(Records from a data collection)
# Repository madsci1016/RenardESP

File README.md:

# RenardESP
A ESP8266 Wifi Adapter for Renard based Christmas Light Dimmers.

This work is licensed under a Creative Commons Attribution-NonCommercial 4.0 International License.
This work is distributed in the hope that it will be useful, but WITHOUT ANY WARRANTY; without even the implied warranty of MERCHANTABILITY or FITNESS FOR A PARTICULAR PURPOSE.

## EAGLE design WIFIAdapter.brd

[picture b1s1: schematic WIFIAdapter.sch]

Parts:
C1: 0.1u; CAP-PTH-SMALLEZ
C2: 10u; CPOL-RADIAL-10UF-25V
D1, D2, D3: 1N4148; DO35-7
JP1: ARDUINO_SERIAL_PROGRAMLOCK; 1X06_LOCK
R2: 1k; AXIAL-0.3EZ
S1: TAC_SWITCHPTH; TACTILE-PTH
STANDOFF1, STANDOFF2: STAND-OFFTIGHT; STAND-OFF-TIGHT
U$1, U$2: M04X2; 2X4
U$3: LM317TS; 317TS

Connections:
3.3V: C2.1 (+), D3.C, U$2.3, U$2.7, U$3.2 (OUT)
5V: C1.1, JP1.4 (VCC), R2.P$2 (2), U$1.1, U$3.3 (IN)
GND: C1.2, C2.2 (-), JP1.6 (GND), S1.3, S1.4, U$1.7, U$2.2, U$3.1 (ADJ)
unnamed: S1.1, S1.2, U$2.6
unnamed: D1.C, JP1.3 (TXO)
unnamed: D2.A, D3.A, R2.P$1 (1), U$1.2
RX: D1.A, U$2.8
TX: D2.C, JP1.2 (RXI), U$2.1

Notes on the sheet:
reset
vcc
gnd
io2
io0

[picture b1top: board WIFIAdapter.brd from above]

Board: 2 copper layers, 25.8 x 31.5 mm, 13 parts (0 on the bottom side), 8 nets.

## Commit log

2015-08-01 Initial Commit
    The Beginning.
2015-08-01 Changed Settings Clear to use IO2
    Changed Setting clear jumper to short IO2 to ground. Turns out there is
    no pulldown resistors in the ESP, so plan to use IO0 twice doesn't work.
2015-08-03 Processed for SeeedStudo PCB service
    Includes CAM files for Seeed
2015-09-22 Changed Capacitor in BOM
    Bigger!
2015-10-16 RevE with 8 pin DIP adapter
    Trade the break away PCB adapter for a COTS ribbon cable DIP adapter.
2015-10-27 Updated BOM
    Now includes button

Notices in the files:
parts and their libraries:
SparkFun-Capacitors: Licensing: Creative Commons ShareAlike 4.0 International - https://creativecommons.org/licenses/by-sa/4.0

* Activity *
Search the data above for the word "picture". Copy each line it is in.

* Written answer *
[picture b1s1: schematic WIFIAdapter.sch]
[picture b1top: board WIFIAdapter.brd from above]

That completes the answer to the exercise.